• [TO DO] Filter the entries, keeping every line with the string "color".

Data items:
□ □ □ □ □ □ □

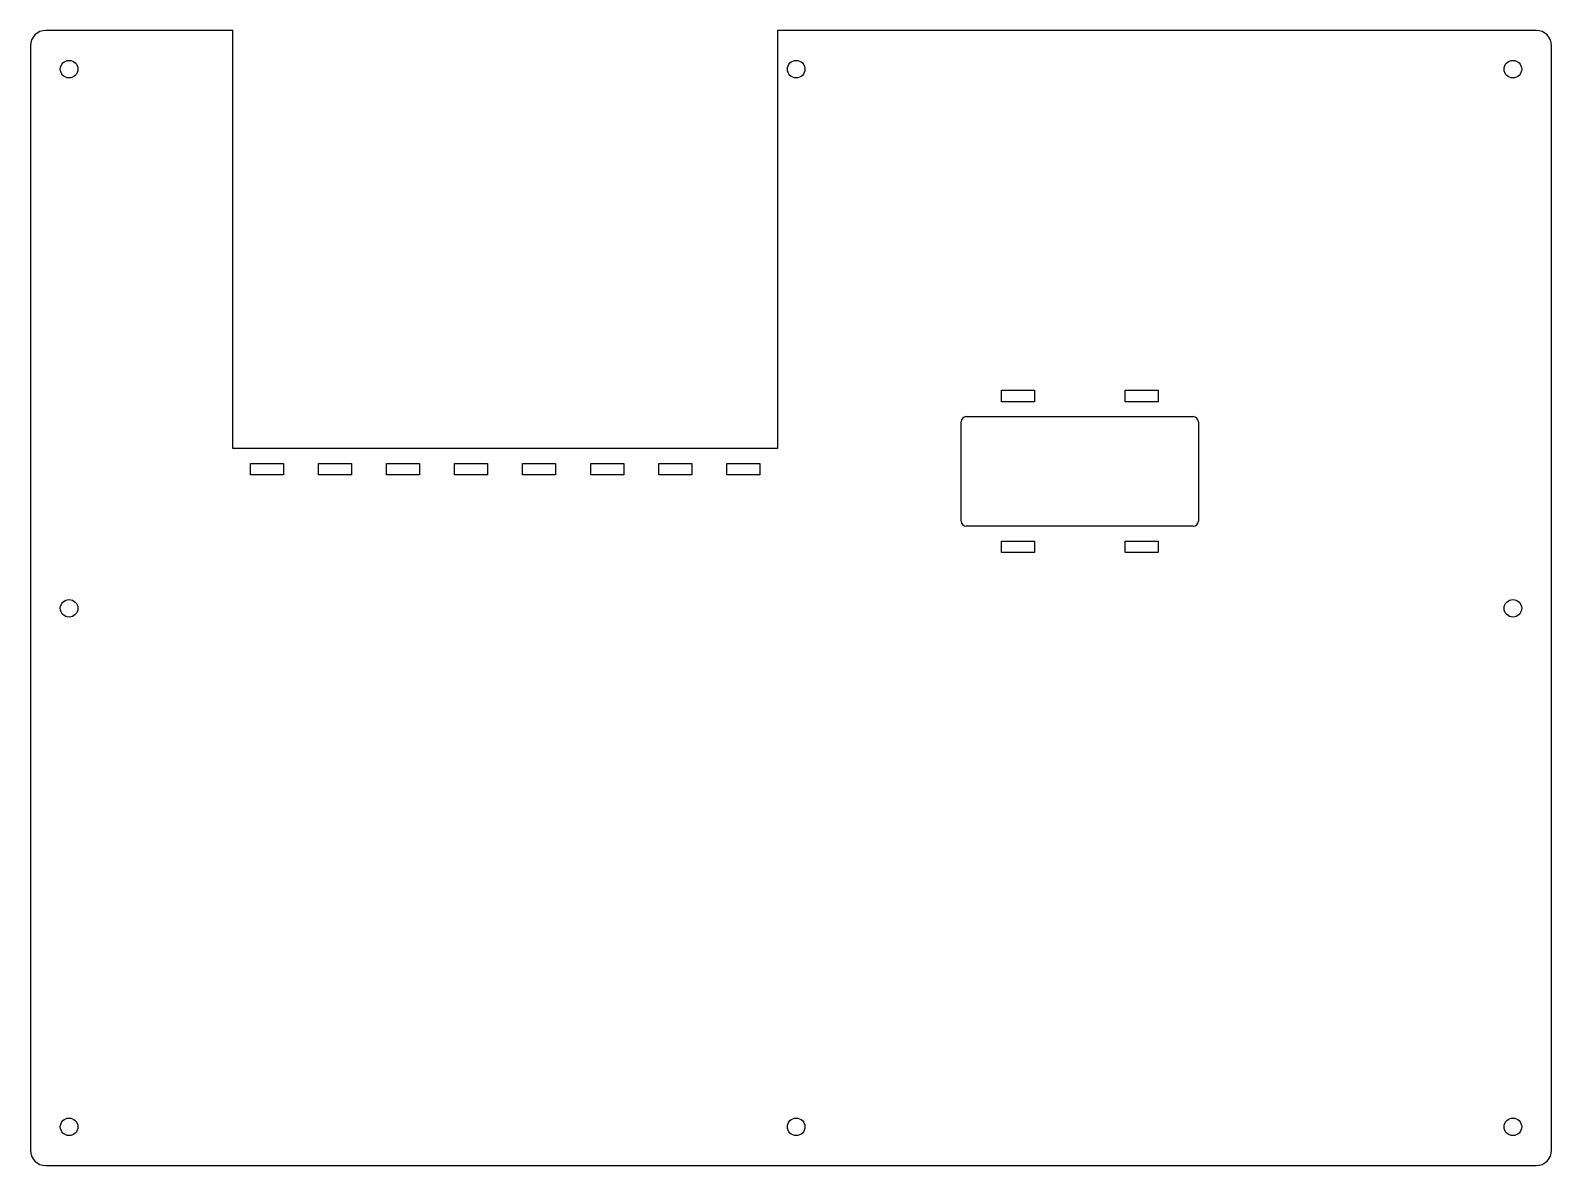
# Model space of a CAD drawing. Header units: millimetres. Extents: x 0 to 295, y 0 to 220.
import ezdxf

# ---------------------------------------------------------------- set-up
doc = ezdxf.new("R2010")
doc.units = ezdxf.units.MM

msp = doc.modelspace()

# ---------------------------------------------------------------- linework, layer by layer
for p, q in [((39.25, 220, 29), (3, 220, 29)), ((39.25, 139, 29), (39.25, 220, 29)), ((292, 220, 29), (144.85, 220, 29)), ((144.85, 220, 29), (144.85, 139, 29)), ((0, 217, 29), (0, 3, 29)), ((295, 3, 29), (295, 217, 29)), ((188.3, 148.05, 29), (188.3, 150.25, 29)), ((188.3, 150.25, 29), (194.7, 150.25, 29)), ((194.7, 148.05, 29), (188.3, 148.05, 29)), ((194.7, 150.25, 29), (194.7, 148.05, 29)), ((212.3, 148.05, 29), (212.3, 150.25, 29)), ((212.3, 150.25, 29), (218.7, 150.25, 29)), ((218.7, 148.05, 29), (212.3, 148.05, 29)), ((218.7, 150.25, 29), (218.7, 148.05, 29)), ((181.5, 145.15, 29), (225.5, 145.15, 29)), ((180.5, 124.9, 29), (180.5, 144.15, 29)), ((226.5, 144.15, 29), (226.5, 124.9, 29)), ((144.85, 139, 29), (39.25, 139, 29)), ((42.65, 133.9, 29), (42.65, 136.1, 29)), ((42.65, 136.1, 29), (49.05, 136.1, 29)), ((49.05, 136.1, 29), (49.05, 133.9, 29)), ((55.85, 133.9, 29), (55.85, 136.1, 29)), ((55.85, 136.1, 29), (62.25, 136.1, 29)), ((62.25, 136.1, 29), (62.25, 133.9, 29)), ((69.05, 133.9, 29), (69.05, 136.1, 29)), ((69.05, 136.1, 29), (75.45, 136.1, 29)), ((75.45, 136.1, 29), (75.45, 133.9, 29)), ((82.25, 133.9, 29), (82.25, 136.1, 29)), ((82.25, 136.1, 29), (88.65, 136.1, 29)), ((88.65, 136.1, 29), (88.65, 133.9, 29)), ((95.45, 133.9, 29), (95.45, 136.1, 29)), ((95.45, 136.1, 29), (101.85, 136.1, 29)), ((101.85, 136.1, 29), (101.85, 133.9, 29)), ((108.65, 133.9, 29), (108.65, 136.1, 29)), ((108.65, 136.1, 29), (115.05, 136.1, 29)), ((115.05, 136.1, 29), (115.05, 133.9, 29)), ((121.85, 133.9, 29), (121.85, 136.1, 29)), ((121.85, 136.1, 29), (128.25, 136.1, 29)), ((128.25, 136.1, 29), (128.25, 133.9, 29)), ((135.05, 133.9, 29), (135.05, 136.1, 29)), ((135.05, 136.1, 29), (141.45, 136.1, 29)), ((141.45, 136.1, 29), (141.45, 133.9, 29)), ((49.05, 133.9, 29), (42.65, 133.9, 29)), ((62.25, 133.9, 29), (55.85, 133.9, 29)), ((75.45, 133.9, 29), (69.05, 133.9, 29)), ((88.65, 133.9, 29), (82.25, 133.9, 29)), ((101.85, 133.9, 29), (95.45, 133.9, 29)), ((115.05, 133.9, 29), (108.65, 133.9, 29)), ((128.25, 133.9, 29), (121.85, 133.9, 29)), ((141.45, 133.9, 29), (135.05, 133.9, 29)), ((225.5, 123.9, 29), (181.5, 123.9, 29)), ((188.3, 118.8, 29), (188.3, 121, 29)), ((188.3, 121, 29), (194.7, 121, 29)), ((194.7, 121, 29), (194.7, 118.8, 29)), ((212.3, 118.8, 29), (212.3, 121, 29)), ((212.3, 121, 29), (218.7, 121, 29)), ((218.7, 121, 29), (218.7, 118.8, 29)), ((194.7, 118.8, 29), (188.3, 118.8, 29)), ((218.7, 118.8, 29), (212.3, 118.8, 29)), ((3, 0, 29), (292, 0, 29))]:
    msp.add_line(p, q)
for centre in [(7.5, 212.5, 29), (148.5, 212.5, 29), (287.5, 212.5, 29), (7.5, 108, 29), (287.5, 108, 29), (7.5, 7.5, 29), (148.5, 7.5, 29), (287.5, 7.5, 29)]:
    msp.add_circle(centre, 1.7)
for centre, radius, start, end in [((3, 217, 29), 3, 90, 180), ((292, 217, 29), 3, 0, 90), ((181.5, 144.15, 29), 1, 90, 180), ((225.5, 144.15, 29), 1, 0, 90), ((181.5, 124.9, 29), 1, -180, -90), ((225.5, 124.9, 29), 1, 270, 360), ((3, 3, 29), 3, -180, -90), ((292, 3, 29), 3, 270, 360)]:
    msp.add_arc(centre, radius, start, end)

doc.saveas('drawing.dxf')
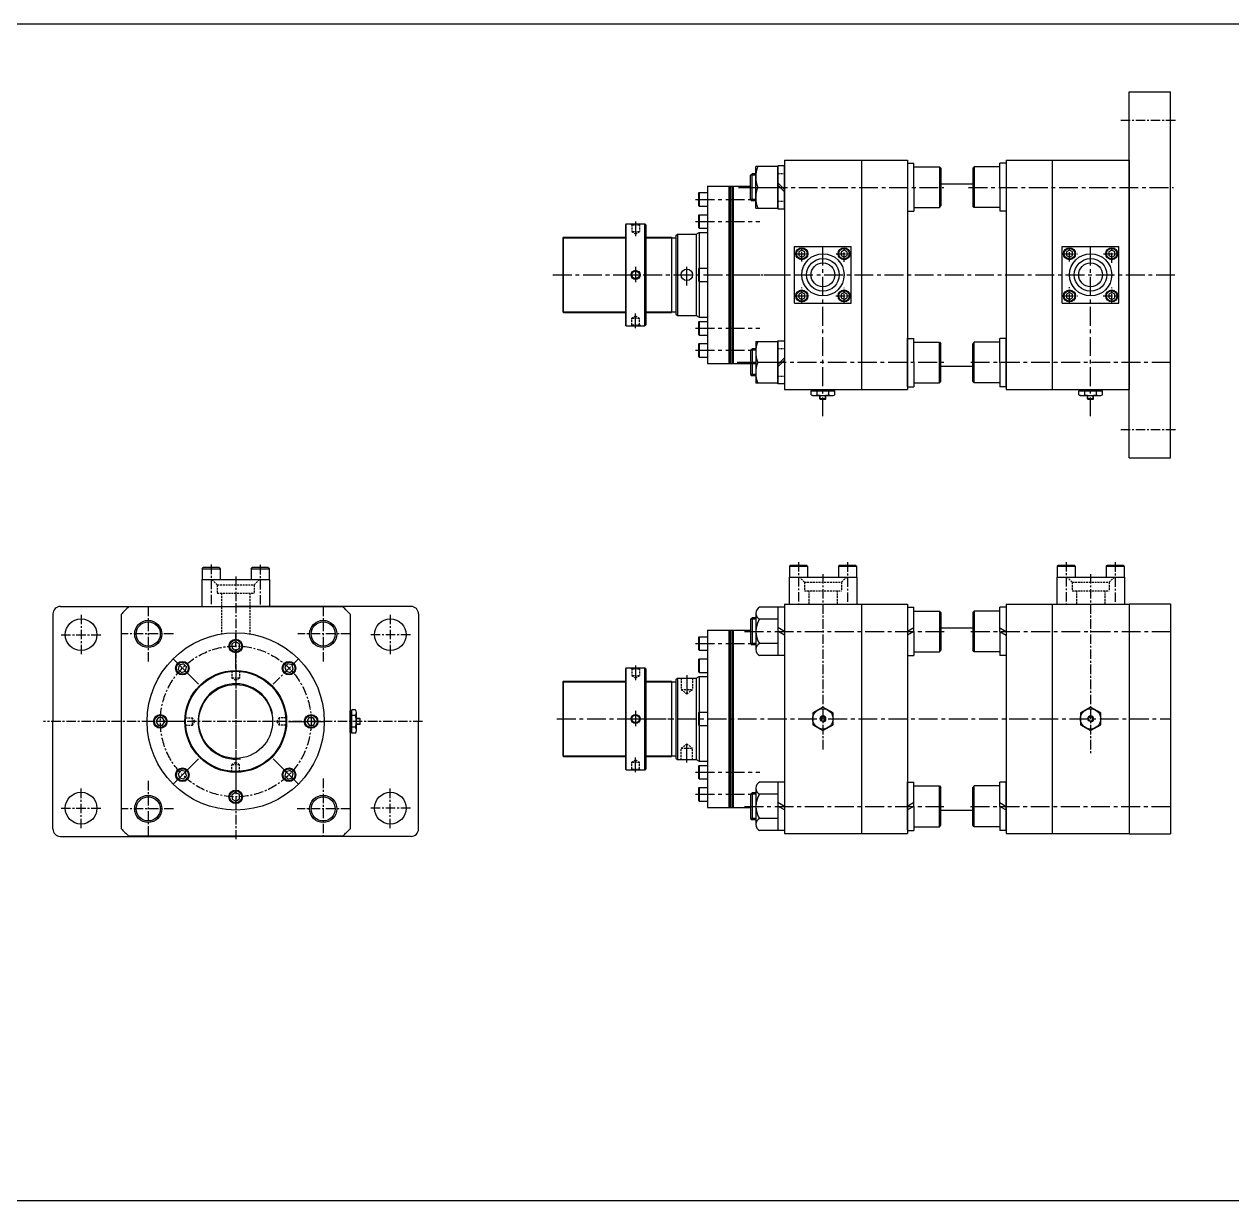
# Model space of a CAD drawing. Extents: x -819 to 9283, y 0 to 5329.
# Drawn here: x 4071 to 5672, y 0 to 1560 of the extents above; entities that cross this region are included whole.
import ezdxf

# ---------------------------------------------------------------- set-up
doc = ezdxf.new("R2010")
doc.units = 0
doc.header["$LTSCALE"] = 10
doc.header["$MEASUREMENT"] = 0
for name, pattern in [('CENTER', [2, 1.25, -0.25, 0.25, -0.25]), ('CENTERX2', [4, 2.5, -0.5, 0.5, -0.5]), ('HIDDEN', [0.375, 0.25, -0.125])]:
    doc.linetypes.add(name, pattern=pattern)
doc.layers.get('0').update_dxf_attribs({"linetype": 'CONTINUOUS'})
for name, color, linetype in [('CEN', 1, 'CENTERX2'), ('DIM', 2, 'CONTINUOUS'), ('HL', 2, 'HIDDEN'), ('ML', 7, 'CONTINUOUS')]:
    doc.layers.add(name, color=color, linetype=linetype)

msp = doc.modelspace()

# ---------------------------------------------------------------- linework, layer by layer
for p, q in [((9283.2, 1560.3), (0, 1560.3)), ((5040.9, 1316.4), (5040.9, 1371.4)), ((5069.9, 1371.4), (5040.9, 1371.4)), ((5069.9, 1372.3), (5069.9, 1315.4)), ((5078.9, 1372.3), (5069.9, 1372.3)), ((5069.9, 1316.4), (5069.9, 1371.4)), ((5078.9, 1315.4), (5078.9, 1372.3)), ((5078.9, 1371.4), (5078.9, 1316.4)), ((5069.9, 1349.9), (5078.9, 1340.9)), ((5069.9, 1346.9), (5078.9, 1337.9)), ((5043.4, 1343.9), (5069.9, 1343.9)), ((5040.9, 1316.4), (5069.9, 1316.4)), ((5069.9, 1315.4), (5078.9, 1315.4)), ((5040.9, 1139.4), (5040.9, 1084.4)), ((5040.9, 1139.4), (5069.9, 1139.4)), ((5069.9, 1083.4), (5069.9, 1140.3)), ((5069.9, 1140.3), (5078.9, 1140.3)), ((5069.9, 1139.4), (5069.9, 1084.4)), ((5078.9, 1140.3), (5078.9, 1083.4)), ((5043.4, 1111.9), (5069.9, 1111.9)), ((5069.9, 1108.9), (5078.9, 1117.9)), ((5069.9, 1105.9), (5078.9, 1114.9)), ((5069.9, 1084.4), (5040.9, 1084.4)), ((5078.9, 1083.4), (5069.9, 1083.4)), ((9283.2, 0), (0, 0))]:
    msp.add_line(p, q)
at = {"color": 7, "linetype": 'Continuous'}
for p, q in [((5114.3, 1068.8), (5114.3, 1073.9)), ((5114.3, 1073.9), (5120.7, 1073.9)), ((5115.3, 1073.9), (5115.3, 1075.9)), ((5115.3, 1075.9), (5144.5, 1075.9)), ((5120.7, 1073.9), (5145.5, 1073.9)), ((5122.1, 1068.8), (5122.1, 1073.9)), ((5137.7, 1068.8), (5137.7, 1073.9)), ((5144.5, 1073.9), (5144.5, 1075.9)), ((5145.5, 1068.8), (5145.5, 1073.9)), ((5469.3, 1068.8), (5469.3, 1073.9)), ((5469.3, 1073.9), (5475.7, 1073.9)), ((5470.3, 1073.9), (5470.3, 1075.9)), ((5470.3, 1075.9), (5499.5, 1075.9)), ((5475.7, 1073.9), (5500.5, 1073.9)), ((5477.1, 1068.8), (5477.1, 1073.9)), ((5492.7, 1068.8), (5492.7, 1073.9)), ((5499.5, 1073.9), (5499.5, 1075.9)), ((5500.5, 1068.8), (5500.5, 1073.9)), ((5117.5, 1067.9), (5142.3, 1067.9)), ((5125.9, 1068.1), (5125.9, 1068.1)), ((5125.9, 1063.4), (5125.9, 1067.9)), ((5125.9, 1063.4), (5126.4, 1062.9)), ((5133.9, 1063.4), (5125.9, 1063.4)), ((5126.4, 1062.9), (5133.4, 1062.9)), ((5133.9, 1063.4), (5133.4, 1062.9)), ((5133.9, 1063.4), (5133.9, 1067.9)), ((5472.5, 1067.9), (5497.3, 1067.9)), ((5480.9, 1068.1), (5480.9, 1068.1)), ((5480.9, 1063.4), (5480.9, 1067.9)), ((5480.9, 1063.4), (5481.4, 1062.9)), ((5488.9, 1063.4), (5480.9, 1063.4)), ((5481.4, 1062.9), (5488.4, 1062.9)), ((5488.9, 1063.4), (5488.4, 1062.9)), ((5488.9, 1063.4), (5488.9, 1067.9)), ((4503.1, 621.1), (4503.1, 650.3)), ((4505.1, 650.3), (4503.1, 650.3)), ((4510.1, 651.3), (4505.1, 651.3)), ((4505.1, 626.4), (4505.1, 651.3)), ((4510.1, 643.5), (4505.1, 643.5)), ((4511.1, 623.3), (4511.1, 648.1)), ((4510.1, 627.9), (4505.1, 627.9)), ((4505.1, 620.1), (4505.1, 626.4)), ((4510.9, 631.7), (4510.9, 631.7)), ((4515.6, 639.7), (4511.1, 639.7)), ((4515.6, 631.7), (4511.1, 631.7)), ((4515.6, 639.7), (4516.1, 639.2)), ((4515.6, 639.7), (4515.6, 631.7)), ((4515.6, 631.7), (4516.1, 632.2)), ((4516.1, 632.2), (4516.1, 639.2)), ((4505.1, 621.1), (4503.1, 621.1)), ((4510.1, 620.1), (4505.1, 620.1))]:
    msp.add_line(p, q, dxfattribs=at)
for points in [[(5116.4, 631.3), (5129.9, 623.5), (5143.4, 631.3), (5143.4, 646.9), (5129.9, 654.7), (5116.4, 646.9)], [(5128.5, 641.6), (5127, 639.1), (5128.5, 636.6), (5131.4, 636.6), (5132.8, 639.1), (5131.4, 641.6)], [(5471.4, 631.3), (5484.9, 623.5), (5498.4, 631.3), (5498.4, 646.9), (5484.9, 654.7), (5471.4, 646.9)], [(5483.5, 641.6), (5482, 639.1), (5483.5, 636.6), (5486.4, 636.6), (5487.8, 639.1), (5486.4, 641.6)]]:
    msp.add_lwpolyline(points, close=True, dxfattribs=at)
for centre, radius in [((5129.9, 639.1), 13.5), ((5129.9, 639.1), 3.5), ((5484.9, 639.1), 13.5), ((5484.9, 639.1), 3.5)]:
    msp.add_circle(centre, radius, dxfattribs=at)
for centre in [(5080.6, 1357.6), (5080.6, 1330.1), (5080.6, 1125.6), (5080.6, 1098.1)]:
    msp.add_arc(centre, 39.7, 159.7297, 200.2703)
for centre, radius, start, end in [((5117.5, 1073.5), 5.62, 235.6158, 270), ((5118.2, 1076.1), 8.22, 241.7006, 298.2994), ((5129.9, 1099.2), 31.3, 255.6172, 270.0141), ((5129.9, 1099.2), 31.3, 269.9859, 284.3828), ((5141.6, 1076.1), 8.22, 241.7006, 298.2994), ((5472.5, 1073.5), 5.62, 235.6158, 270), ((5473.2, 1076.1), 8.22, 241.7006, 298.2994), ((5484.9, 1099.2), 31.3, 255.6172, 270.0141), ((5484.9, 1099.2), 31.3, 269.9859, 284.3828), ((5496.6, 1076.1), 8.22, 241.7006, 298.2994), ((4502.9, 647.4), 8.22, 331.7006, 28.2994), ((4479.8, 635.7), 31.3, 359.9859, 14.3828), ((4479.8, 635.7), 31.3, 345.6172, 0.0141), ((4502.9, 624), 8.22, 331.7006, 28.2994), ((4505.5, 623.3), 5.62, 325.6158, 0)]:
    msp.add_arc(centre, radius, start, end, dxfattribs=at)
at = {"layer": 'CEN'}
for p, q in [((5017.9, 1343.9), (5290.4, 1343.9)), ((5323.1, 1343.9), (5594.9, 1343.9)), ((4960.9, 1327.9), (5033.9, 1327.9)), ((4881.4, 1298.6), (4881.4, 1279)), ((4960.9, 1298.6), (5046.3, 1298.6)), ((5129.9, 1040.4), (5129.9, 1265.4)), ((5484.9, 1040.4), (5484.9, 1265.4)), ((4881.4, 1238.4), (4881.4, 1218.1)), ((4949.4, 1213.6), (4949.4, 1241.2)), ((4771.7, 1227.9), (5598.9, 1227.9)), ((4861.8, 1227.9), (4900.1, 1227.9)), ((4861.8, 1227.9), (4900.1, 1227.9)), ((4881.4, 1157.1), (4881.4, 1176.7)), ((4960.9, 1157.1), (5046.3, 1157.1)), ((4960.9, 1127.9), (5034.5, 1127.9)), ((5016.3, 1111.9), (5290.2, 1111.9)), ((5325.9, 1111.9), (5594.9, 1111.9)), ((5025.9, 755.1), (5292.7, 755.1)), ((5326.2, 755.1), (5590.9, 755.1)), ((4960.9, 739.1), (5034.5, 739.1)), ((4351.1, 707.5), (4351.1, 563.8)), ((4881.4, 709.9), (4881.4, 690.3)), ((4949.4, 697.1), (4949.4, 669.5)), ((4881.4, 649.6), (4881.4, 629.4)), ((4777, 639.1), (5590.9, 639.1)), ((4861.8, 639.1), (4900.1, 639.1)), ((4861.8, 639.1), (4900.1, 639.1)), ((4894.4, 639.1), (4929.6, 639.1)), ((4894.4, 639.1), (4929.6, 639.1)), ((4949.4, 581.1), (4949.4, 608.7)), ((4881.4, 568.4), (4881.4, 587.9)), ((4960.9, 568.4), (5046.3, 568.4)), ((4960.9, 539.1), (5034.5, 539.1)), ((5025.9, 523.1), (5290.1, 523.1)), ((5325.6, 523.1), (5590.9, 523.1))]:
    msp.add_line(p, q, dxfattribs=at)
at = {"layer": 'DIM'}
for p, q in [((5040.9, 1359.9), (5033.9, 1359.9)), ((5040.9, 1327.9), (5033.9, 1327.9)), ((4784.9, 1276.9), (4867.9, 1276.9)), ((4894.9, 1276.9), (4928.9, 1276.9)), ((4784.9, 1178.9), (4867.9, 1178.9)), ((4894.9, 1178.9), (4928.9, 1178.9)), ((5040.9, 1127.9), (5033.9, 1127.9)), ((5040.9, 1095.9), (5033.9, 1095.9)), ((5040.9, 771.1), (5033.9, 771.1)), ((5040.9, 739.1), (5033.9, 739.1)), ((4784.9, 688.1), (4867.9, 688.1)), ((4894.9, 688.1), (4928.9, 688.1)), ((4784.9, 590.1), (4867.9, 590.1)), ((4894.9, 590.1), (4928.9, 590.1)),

□ □ □ □ □ □ □

• [SOLUTION TO THIS EXERCISE]
for name, color, linetype in [('CEN', 1, 'CENTERX2'), ('DIM', 2, 'CONTINUOUS'), ('HL', 2, 'HIDDEN'), ('ML', 7, 'CONTINUOUS')]:
    doc.layers.add(name, color=color, linetype=linetype)
at = {"color": 7, "linetype": 'Continuous'}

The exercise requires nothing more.